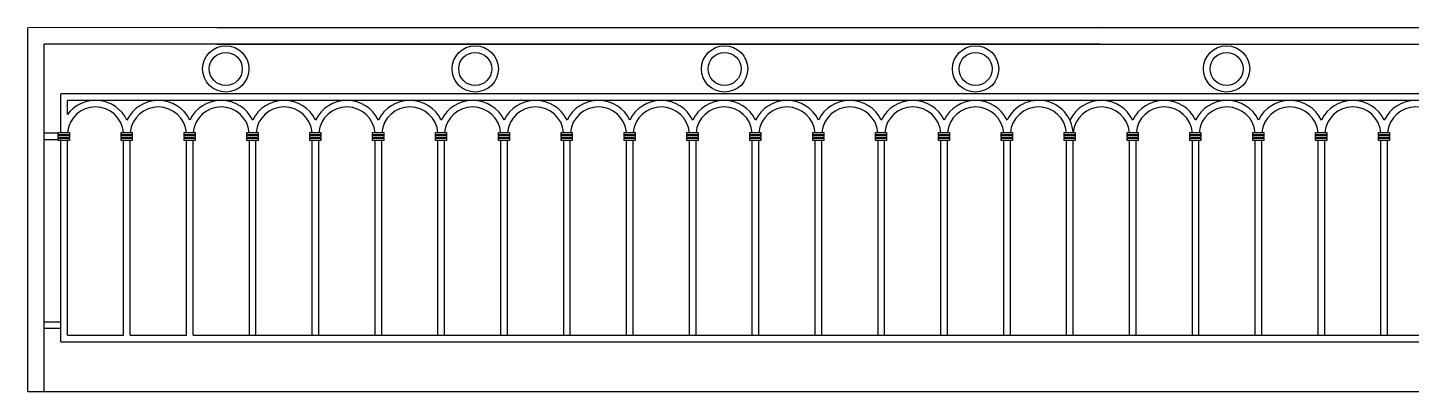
# Model space of a CAD drawing. Header units: millimetres. Extents: x -2065.59 to -2056.61, y 1261.72 to 1262.82.
# Drawn here: x -2065.589 to -2061.407, y 1261.72 to 1262.82 of the extents above; entities that cross this region are included whole.
import ezdxf

# ---------------------------------------------------------------- set-up
doc = ezdxf.new("R2010")
doc.units = ezdxf.units.MM

msp = doc.modelspace()

# ---------------------------------------------------------------- linework, layer by layer
at = {"color": 2}
for p, q in [((-2062.3486, 1262.8197), (-2065.5887, 1262.8196)), ((-2065.5887, 1261.7196), (-2065.5887, 1262.8196)), ((-2065.0173, 1262.8197), (-2056.8171, 1262.8196)), ((-2062.3486, 1262.7697), (-2065.5387, 1262.7696)), ((-2065.5387, 1261.7197), (-2065.5387, 1262.7696)), ((-2065.0173, 1262.7697), (-2056.8671, 1262.7696)), ((-2065.4887, 1262.5029), (-2065.4887, 1262.6197)), ((-2056.9171, 1262.6197), (-2065.4887, 1262.6197)), ((-2065.4687, 1262.5565), (-2065.4687, 1262.5997)), ((-2065.2787, 1262.5997), (-2065.4687, 1262.5997)), ((-2056.9371, 1262.5997), (-2065.2787, 1262.5997)), ((-2065.4961, 1262.501), (-2065.5387, 1262.501)), ((-2065.5387, 1262.481), (-2065.4961, 1262.481)), ((-2065.4887, 1262.501), (-2065.4888, 1262.501)), ((-2065.4887, 1262.4942), (-2065.4887, 1262.4959)), ((-2065.4887, 1262.4942), (-2065.4887, 1262.4959)), ((-2065.4887, 1262.4855), (-2065.4887, 1262.4872)), ((-2065.4887, 1262.4855), (-2065.4887, 1262.4872)), ((-2065.4887, 1261.8697), (-2065.4887, 1262.481)), ((-2065.4687, 1262.4942), (-2065.4687, 1262.4959)), ((-2065.4687, 1262.4942), (-2065.4687, 1262.4959)), ((-2065.4687, 1262.4942), (-2065.4687, 1262.4959)), ((-2065.4687, 1262.4942), (-2065.4687, 1262.4959)), ((-2065.4687, 1262.4855), (-2065.4687, 1262.4872)), ((-2065.4687, 1262.4855), (-2065.4687, 1262.4872)), ((-2065.4687, 1262.4855), (-2065.4687, 1262.4872)), ((-2065.4687, 1262.4855), (-2065.4687, 1262.4872)), ((-2065.4687, 1261.8897), (-2065.4687, 1262.481)), ((-2065.2987, 1262.4942), (-2065.2987, 1262.4959)), ((-2065.2987, 1262.4855), (-2065.2987, 1262.4872)), ((-2065.2987, 1261.8897), (-2065.2987, 1262.4785)), ((-2065.2787, 1262.4942), (-2065.2787, 1262.4959)), ((-2065.2787, 1262.4942), (-2065.2787, 1262.4959)), ((-2065.2787, 1262.4942), (-2065.2787, 1262.4959)), ((-2065.2787, 1262.4855), (-2065.2787, 1262.4872)), ((-2065.2787, 1262.4855), (-2065.2787, 1262.4872)), ((-2065.2787, 1262.4855), (-2065.2787, 1262.4872)), ((-2065.2787, 1261.8897), (-2065.2787, 1262.4785)), ((-2065.2787, 1261.8897), (-2065.2787, 1262.4785)), ((-2065.2787, 1261.8897), (-2065.2787, 1262.4785)), ((-2065.1087, 1262.4942), (-2065.1087, 1262.4959)), ((-2065.1087, 1262.4942), (-2065.1087, 1262.4959)), ((-2065.1087, 1262.4942), (-2065.1087, 1262.4959)), ((-2065.1087, 1262.4855), (-2065.1087, 1262.4872)), ((-2065.1087, 1262.4855), (-2065.1087, 1262.4872)), ((-2065.1087, 1262.4855), (-2065.1087, 1262.4872)), ((-2065.1087, 1261.8897), (-2065.1087, 1262.4785)), ((-2065.1087, 1261.8897), (-2065.1087, 1262.4785)), ((-2065.0887, 1262.4942), (-2065.0887, 1262.4959)), ((-2065.0887, 1262.4942), (-2065.0887, 1262.4959)), ((-2065.0887, 1262.4942), (-2065.0887, 1262.4959)), ((-2065.0887, 1262.4942), (-2065.0887, 1262.4959)), ((-2065.0887, 1262.4855), (-2065.0887, 1262.4872)), ((-2065.0887, 1262.4855), (-2065.0887, 1262.4872)), ((-2065.0887, 1262.4855), (-2065.0887, 1262.4872)), ((-2065.0887, 1262.4855), (-2065.0887, 1262.4872)), ((-2065.0887, 1262.4855), (-2065.0887, 1262.4872)), ((-2065.0887, 1261.8897), (-2065.0887, 1262.4785)), ((-2065.0887, 1261.8897), (-2065.0887, 1262.4785)), ((-2064.9187, 1262.4942), (-2064.9187, 1262.4959)), ((-2064.9187, 1262.4942), (-2064.9187, 1262.4959)), ((-2064.9187, 1262.4942), (-2064.9187, 1262.4959)), ((-2064.9187, 1262.4855), (-2064.9187, 1262.4872)), ((-2064.9187, 1262.4855), (-2064.9187, 1262.4872)), ((-2064.9187, 1262.4855), (-2064.9187, 1262.4872)), ((-2064.9187, 1261.8897), (-2064.9187, 1262.4785)), ((-2064.9187, 1261.8897), (-2064.9187, 1262.4785)), ((-2064.8987, 1262.4942), (-2064.8987, 1262.4959)), ((-2064.8987, 1262.4942), (-2064.8987, 1262.4959)), ((-2064.8987, 1262.4942), (-2064.8987, 1262.4959)), ((-2064.8987, 1262.4942), (-2064.8987, 1262.4959)), ((-2064.8987, 1262.4855), (-2064.8987, 1262.4872)), ((-2064.8987, 1262.4855), (-2064.8987, 1262.4872)), ((-2064.8987, 1262.4855), (-2064.8987, 1262.4872)), ((-2064.8987, 1262.4855), (-2064.8987, 1262.4872)), ((-2064.8987, 1262.4855), (-2064.8987, 1262.4872)), ((-2064.8987, 1261.8897), (-2064.8987, 1262.4785)), ((-2064.8987, 1261.8897), (-2064.8987, 1262.4785)), ((-2064.7287, 1262.4942), (-2064.7287, 1262.4959)), ((-2064.7287, 1262.4942), (-2064.7287, 1262.4959)), ((-2064.7287, 1262.4942), (-2064.7287, 1262.4959)), ((-2064.7287, 1262.4855), (-2064.7287, 1262.4872)), ((-2064.7287, 1262.4855), (-2064.7287, 1262.4872)), ((-2064.7287, 1262.4855), (-2064.7287, 1262.4872)), ((-2064.7287, 1261.8897), (-2064.7287, 1262.4785)), ((-2064.7287, 1261.8897), (-2064.7287, 1262.4785)), ((-2064.7087, 1262.4942), (-2064.7087, 1262.4959)), ((-2064.7087, 1262.4942), (-2064.7087, 1262.4959)), ((-2064.7087, 1262.4942), (-2064.7087, 1262.4959)), ((-2064.7087, 1262.4942), (-2064.7087, 1262.4959)), ((-2064.7087, 1262.4855), (-2064.7087, 1262.4872)), ((-2064.7087, 1262.4855), (-2064.7087, 1262.4872)), ((-2064.7087, 1262.4855), (-2064.7087, 1262.4872)), ((-2064.7087, 1262.4855), (-2064.7087, 1262.4872)), ((-2064.7087, 1262.4855), (-2064.7087, 1262.4872)), ((-2064.7087, 1261.8897), (-2064.7087, 1262.4785)), ((-2064.7087, 1261.8897), (-2064.7087, 1262.4785)), ((-2064.5387, 1262.4942), (-2064.5387, 1262.4959)), ((-2064.5387, 1262.4942), (-2064.5387, 1262.4959)), ((-2064.5387, 1262.4942), (-2064.5387, 1262.4959)), ((-2064.5387, 1262.4855), (-2064.5387, 1262.4872)), ((-2064.5387, 1262.4855), (-2064.5387, 1262.4872)), ((-2064.5387, 1262.4855), (-2064.5387, 1262.4872)), ((-2064.5387, 1261.8897), (-2064.5387, 1262.4785)), ((-2064.5387, 1261.8897), (-2064.5387, 1262.4785)), ((-2064.5187, 1262.4942), (-2064.5187, 1262.4959)), ((-2064.5187, 1262.4942), (-2064.5187, 1262.4959)), ((-2064.5187, 1262.4942), (-2064.5187, 1262.4959)), ((-2064.5187, 1262.4942), (-2064.5187, 1262.4959)), ((-2064.5187, 1262.4855), (-2064.5187, 1262.4872)), ((-2064.5187, 1262.4855), (-2064.5187, 1262.4872)), ((-2064.5187, 1262.4855), (-2064.5187, 1262.4872)), ((-2064.5187, 1262.4855), (-2064.5187, 1262.4872)), ((-2064.5187, 1262.4855), (-2064.5187, 1262.4872)), ((-2064.5187, 1261.8897), (-2064.5187, 1262.4785)), ((-2064.5187, 1261.8897), (-2064.5187, 1262.4785)), ((-2064.3487, 1262.4942), (-2064.3487, 1262.4959)), ((-2064.3487, 1262.4942), (-2064.3487, 1262.4959)), ((-2064.3487, 1262.4942), (-2064.3487, 1262.4959)), ((-2064.3487, 1262.4855), (-2064.3487, 1262.4872)), ((-2064.3487, 1262.4855), (-2064.3487, 1262.4872)), ((-2064.3487, 1262.4855), (-2064.3487, 1262.4872)), ((-2064.3487, 1261.8897), (-2064.3487, 1262.4785)), ((-2064.3487, 1261.8897), (-2064.3487, 1262.4785)), ((-2064.3287, 1262.4942), (-2064.3287, 1262.4959)), ((-2064.3287, 1262.4942), (-2064.3287, 1262.4959)), ((-2064.3287, 1262.4942), (-2064.3287, 1262.4959)), ((-2064.3287, 1262.4942), (-2064.3287, 1262.4959)), ((-2064.3287, 1262.4942), (-2064.3287, 1262.4959)), ((-2064.3287, 1262.4942), (-2064.3287, 1262.4959)), ((-2064.3287, 1262.4942), (-2064.3287, 1262.4959)), ((-2064.3287, 1262.4855), (-2064.3287, 1262.4872)), ((-2064.3287, 1262.4855), (-2064.3287, 1262.4872)), ((-2064.3287, 1262.4855), (-2064.3287, 1262.4872)), ((-2064.3287, 1262.4855), (-2064.3287, 1262.4872)), ((-2064.3287, 1262.4855), (-2064.3287, 1262.4872)), ((-2064.3287, 1262.4855), (-2064.3287, 1262.4872)), ((-2064.3287, 1262.4855), (-2064.3287, 1262.4872)), ((-2064.3287, 1262.4855), (-2064.3287, 1262.4872)), ((-2064.3287, 1261.8897), (-2064.3287, 1262.4785)), ((-2064.3287, 1261.8897), (-2064.3287, 1262.4785)), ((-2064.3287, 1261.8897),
#####
**Exercise requirements**
Your answer should contain only the lines from the beginning of the listing above through the line with "msp = doc.modelspace()", copied exactly and without the pictures.

**Finished exercise**
# Model space of a CAD drawing. Header units: millimetres. Extents: x -2065.59 to -2056.61, y 1261.72 to 1262.82.
# Drawn here: x -2065.589 to -2061.407, y 1261.72 to 1262.82 of the extents above; entities that cross this region are included whole.
import ezdxf

# ---------------------------------------------------------------- set-up
doc = ezdxf.new("R2010")
doc.units = ezdxf.units.MM

msp = doc.modelspace()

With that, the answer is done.